**Activity:** Below are some records. Print exactly the lines between the one holding "merges body 4" and the one holding "Line((45.084375, -7.46125), (45.084375, 7.46125))", inclusive, and nothing else.

Segment Start: Material provided

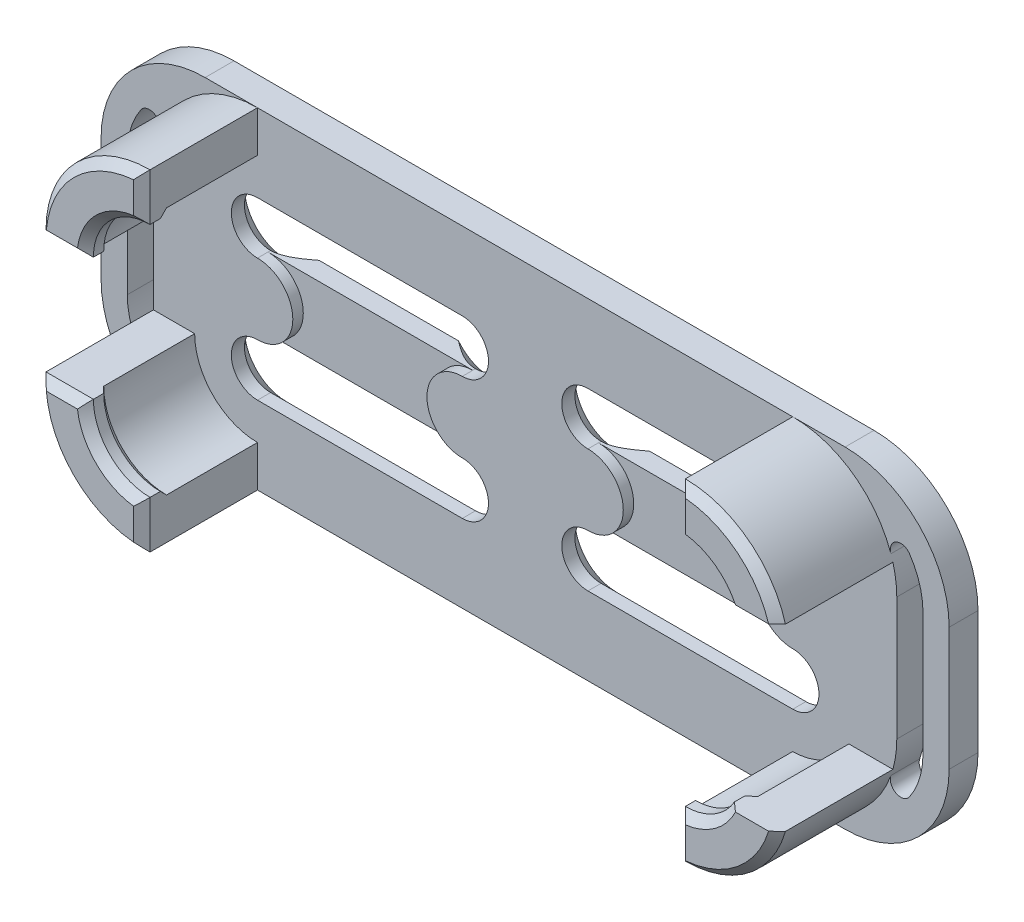
from build123d import *

# Parameters (mm, degrees)
BOSS_EXTRUDE1_DEPTH   = 12.033125032
BOSS_EXTRUDE1_2_DEPTH = 12.033125032
BOSS_EXTRUDE1_3_DEPTH = 12.033125032
BOSS_EXTRUDE1_4_DEPTH = 12.033125032
BOSS_EXTRUDE2_START   = 3.5
BOSS_EXTRUDE2_DEPTH   = 3.5
BOSS_EXTRUDE3_DEPTH   = 2
CUT_EXTRUDE1_DEPTH    = 1.27
CHAMFER1_SIZE         = 1
CUT_EXTRUDE2_DEPTH    = 52.31068182
BOSS_EXTRUDE4_DEPTH   = 3.5
FILLET1_R             = 1.27
CHAMFER2_SIZE         = 1.905


with BuildPart() as part:
    # Sketch2 → Boss-Extrude1 (new body)
    with BuildSketch(Plane.XY):
        with BuildLine():
            Line((-32.464375, 20.08125), (-32.464375, 15.08125))
            ThreePointArc((-32.464375, 15.08125), (-37.852528673, 12.849403673), (-40.084375, 7.46125))
            Line((-40.084375, 7.46125), (-45.084375, 7.46125))
            ThreePointArc((-45.084375, 7.46125), (-41.388062579, 16.384937579), (-32.464375, 20.08125))
        make_face()
    extrude(amount=BOSS_EXTRUDE1_DEPTH)



with BuildPart() as body_2:
    # Sketch2 → Boss-Extrude1 2 (new body)
    with BuildSketch(Plane.XY):
        with BuildLine():
            Line((32.464375, 20.08125), (32.464375, 15.08125))
            ThreePointArc((32.464375, 15.08125), (37.852528673, 12.849403673), (40.084375, 7.46125))
            Line((40.084375, 7.46125), (45.084375, 7.46125))
            ThreePointArc((45.084375, 7.46125), (41.388062579, 16.384937579), (32.464375, 20.08125))
        make_face()
    extrude(amount=BOSS_EXTRUDE1_2_DEPTH)


with BuildPart() as body_3:
    # Sketch2 → Boss-Extrude1 3 (new body)
    with BuildSketch(Plane.XY):
        with BuildLine():
            Line((-40.084375, -7.46125), (-45.084375, -7.46125))
            ThreePointArc((-45.084375, -7.46125), (-41.388062579, -16.384937579), (-32.464375, -20.08125))
            Line((-32.464375, -20.08125), (-32.464375, -15.08125))
            ThreePointArc((-32.464375, -15.08125), (-37.852528673, -12.849403673), (-40.084375, -7.46125))
        make_face()
    extrude(amount=BOSS_EXTRUDE1_3_DEPTH)


with BuildPart() as body_4:
    # Sketch2 → Boss-Extrude1 4 (new body)
    with BuildSketch(Plane.XY):
        with BuildLine():
            Line((32.464375, -20.08125), (32.464375, -15.08125))
            ThreePointArc((32.464375, -15.08125), (37.852528673, -12.849403673), (40.084375, -7.46125))
            Line((40.084375, -7.46125), (45.084375, -7.46125))
            ThreePointArc((45.084375, -7.46125), (41.388062579, -16.384937579), (32.464375, -20.08125))
        make_face()
    extrude(amount=BOSS_EXTRUDE1_4_DEPTH)


with BuildPart() as part_1:
    add(part.part)

    add(body_2.part)  # Boss-Extrude2 merges body 2

    add(body_3.part)  # Boss-Extrude2 merges body 3

    add(body_4.part)  # Boss-Extrude2 merges body 4
    # Sketch3 → Boss-Extrude2 (add)
    with BuildSketch(Plane(origin=(0, 0, 0), x_dir=(-1, 0, 0), z_dir=(0, 0, -1)).offset(BOSS_EXTRUDE2_START)):
        with BuildLine():
            Line((-45.084375, 7.46125), (-45.084375, -7.46125))
            ThreePointArc((-45.084375, -7.46125), (-41.388062579, -16.384937579), (-32.464375, -20.08125))
            Line((-32.464375, -20.08125), (32.464375, -20.08125))
            ThreePointArc((32.464375, -20.08125), (41.388062579, -16.384937579), (45.084375, -7.46125))
            Line((45.084375, -7.46125), (45.084375, 7.46125))
            ThreePointArc((45.084375, 7.46125), (41.388062579, 16.384937579), (32.464375, 20.08125))
            Line((32.464375, 20.08125), (-32.464375, 20.08125))
            ThreePointArc((-32.464375, 20.08125), (-41.388062579, 16.384937579), (-45.084375, 7.46125))
        make_face()
        with BuildLine():
            Line((7.62, 10.63625), (32.464375, 10.63625))
            ThreePointArc((32.464375, 10.63625), (35.639375, 7.46125), (32.464375, 4.28625))
            Line((32.464375, 4.28625), (7.62, 4.28625))
            ThreePointArc((7.62, 4.28625), (4.445, 7.46125), (7.62, 10.63625))
        make_face(mode=Mode.SUBTRACT)
        with BuildLine():
            Line((7.62, -10.63625), (32.464375, -10.63625))
            ThreePointArc((32.464375, -10.63625), (35.639375, -7.46125), (32.464375, -4.28625))
            Line((32.464375, -4.28625), (7.62, -4.28625))
            ThreePointArc((7.62, -4.28625), (4.445, -7.46125), (7.62, -10.63625))
        make_face(mode=Mode.SUBTRACT)
        with BuildLine():
            Line((-7.62, -10.63625), (-32.464375, -10.63625))
            ThreePointArc((-32.464375, -10.63625), (-35.639375, -7.46125), (-32.464375, -4.28625))
            Line((-32.464375, -4.28625), (-7.62, -4.28625))
            ThreePointArc((-7.62, -4.28625), (-4.445, -7.46125), (-7.62, -10.63625))
        make_face(mode=Mode.SUBTRACT)
        with BuildLine():
            Line((-7.62, 10.63625), (-32.464375, 10.63625))
            ThreePointArc((-32.464375, 10.63625), (-35.639375, 7.46125), (-32.464375, 4.28625))
            Line((-32.464375, 4.28625), (-7.62, 4.28625))
            ThreePointArc((-7.62, 4.28625), (-4.445, 7.46125), (-7.62, 10.63625))
        make_face(mode=Mode.SUBTRACT)
    extrude(amount=-BOSS_EXTRUDE2_DEPTH)

    # Sketch5 → Boss-Extrude3 (add)
    with BuildSketch(Plane.XY.offset(12.033125032)):
        with BuildLine():
            Line((-32.464375, 14.33125), (-32.464375, 20.08125))
            ThreePointArc((-32.464375, 20.08125), (-41.388062579, 16.384937579), (-45.084375, 7.46125))
            Line((-45.084375, 7.46125), (-39.334375, 7.46125))
            ThreePointArc((-39.334375, 7.46125), (-37.322198587, 12.319073587), (-32.464375, 14.33125))
        make_face()
        with BuildLine():
            Line((32.464375, 14.33125), (32.464375, 20.08125))
            ThreePointArc((32.464375, 20.08125), (41.388062579, 16.384937579), (45.084375, 7.46125))
            Line((45.084375, 7.46125), (39.334375, 7.46125))
            ThreePointArc((39.334375, 7.46125), (37.322198587, 12.319073587), (32.464375, 14.33125))
        make_face()
        with BuildLine():
            Line((45.084375, -7.46125), (39.334375, -7.46125))
            ThreePointArc((39.334375, -7.46125), (37.322198587, -12.319073587), (32.464375, -14.33125))
            Line((32.464375, -14.33125), (32.464375, -20.08125))
            ThreePointArc((32.464375, -20.08125), (41.388062579, -16.384937579), (45.084375, -7.46125))
        make_face()
        with BuildLine():
            Line((-45.084375, -7.46125), (-39.334375, -7.46125))
            ThreePointArc((-39.334375, -7.46125), (-37.322198587, -12.319073587), (-32.464375, -14.33125))
            Line((-32.464375, -14.33125), (-32.464375, -20.08125))
            ThreePointArc((-32.464375, -20.08125), (-41.388062579, -16.384937579), (-45.084375, -7.46125))
        make_face()
    extrude(amount=BOSS_EXTRUDE3_DEPTH)

    # Sketch4 → Cut-Extrude1 (cut)
    with BuildSketch(Plane.XY):
        with BuildLine():
            Line((-32.464375, -4.28625), (-7.62, -4.28625))
            ThreePointArc((-7.62, -4.28625), (-11.90625, 0), (-7.62, 4.28625))
            Line((-7.62, 4.28625), (-32.464375, 4.28625))
            ThreePointArc((-32.464375, 4.28625), (-28.178125, 0), (-32.464375, -4.28625))
        make_face()
    cut_extrude1 = extrude(amount=-CUT_EXTRUDE1_DEPTH, mode=Mode.SUBTRACT)

    # Chamfer1
    # the kernel refuses this chamfer: 1 mm, written as the material it adds along each edge
    with BuildSketch(Plane(origin=(-32.464375, -7.46125, 12.033125032), x_dir=(0, -1, 0), z_dir=(1, 0, 0))) as chamfer1_piece_1_section:
        Polygon((7.62, CHAMFER1_SIZE), (7.62 - CHAMFER1_SIZE, 0), (7.62, 0), align=None)
    chamfer1_piece_1 = revolve(axis=Axis((-32.464375, -7.46125, 12.033125032), (0, 0, -1)), revolution_arc=90, mode=Mode.PRIVATE)
    chamfer1_piece_1 = chamfer1_piece_1 - Plane(origin=(-32.464375, -7.46125, 11.406730953), x_dir=(-1, 0, 0), z_dir=(0, 0, -1)) * Cylinder(6.87, 31, mode=Mode.PRIVATE)
    add(chamfer1_piece_1)
    with BuildSketch(Plane(origin=(32.464375, -7.46125, 12.033125032), x_dir=(0, -1, 0), z_dir=(-1, 0, 0))) as chamfer1_piece_2_section:
        Polygon((7.62, -CHAMFER1_SIZE), (7.62 - CHAMFER1_SIZE, 0), (7.62, 0), align=None)
    chamfer1_piece_2 = revolve(axis=Axis((32.464375, -7.46125, 12.033125032), (0, 0, 1)), revolution_arc=90, mode=Mode.PRIVATE)
    chamfer1_piece_2 = chamfer1_piece_2 - Plane(origin=(32.464375, -7.46125, 11.406730953), x_dir=(1, 0, 0), z_dir=(0, 0, -1)) * Cylinder(6.87, 31, mode=Mode.PRIVATE)
    add(chamfer1_piece_2)
    with BuildSketch(Plane(origin=(32.464375, 7.46125, 12.033125032), x_dir=(0, 1, 0), z_dir=(-1, 0, 0))) as chamfer1_piece_3_section:
        Polygon((7.62, CHAMFER1_SIZE), (7.62 - CHAMFER1_SIZE, 0), (7.62, 0), align=None)
    chamfer1_piece_3 = revolve(axis=Axis((32.464375, 7.46125, 12.033125032), (0, 0, -1)), revolution_arc=90, mode=Mode.PRIVATE)
    chamfer1_piece_3 = chamfer1_piece_3 - Plane(origin=(32.464375, 7.46125, 11.406730953), x_dir=(1, 0, 0), z_dir=(0, 0, -1)) * Cylinder(6.87, 31, mode=Mode.PRIVATE)
    add(chamfer1_piece_3)
    with BuildSketch(Plane(origin=(-32.464375, 7.46125, 12.033125032), x_dir=(0, 1, 0), z_dir=(1, 0, 0))) as chamfer1_piece_4_section:
        Polygon((7.62 - CHAMFER1_SIZE, 0), (7.62, -CHAMFER1_SIZE), (7.62, 0), align=None)
    chamfer1_piece_4 = revolve(axis=Axis((-32.464375, 7.46125, 12.033125032), (0, 0, 1)), revolution_arc=90, mode=Mode.PRIVATE)
    chamfer1_piece_4 = chamfer1_piece_4 - Plane(origin=(-32.464375, 7.46125, 11.406730953), x_dir=(-1, 0, 0), z_dir=(0, 0, -1)) * Cylinder(6.87, 31, mode=Mode.PRIVATE)
    add(chamfer1_piece_4)
    # the kernel refuses this chamfer: 1 mm, written as the material it takes off along each edge
    with BuildSketch(Plane(origin=(47.656057988, 7.46125, 14.033125032), x_dir=(0, 0.9996219169112968, 0.027495876610585647), z_dir=(-1, 0, 0)), Plane(origin=(32.464375, 11.759567012, 14.033125032), x_dir=(0.9996219169112968, -1.2352592896833197e-15, 0.02749587661058555), z_dir=(0, 1, 0)), Plane(origin=(-32.464375, 11.759567012, 14.033125032), x_dir=(0.0274958766105891, 0, -0.9996219169112968), z_dir=(0, 1, 0)), Plane(origin=(-47.656057988, 7.46125, 14.033125032), x_dir=(0, -0.02749587661058651, -0.9996219169112968), z_dir=(1, 0, 0)), Plane(origin=(-47.656057988, -7.46125, 14.033125032), x_dir=(0, -0.9996219169112968, 0.027495876610585623), z_dir=(1, 0, 0)), Plane(origin=(-32.464375, -11.759567012, 14.033125032), x_dir=(-0.9996219169112968, 1.2352592896833197e-15, 0.02749587661058555), z_dir=(0, -1, 0))) as chamfer1_2_piece_1:
        Polygon((CHAMFER1_SIZE * 0.999621916911, CHAMFER1_SIZE * 0.0274958766106), (-CHAMFER1_SIZE * 0.0274958766106, CHAMFER1_SIZE * 0.999621916911), (0, 0), align=None)
    extrude(amount=10.893365976, mode=Mode.SUBTRACT)
    with BuildSketch(Plane(origin=(32.464375, 7.46125, 14.033125032), x_dir=(0.9306959103421094, -0.36579382508794805, 0), z_dir=(-0.36579382508794805, -0.9306959103421094, 0))) as chamfer1_2_piece_2:
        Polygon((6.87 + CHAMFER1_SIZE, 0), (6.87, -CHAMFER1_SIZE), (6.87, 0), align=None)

Segment End: Material provided

**Answer below:**
    add(body_4.part)  # Boss-Extrude2 merges body 4
    # Sketch3 → Boss-Extrude2 (add)
    with BuildSketch(Plane(origin=(0, 0, 0), x_dir=(-1, 0, 0), z_dir=(0, 0, -1)).offset(BOSS_EXTRUDE2_START)):
        with BuildLine():
            Line((-45.084375, 7.46125), (-45.084375, -7.46125))
            ThreePointArc((-45.084375, -7.46125), (-41.388062579, -16.384937579), (-32.464375, -20.08125))
            Line((-32.464375, -20.08125), (32.464375, -20.08125))
            ThreePointArc((32.464375, -20.08125), (41.388062579, -16.384937579), (45.084375, -7.46125))
            Line((45.084375, -7.46125), (45.084375, 7.46125))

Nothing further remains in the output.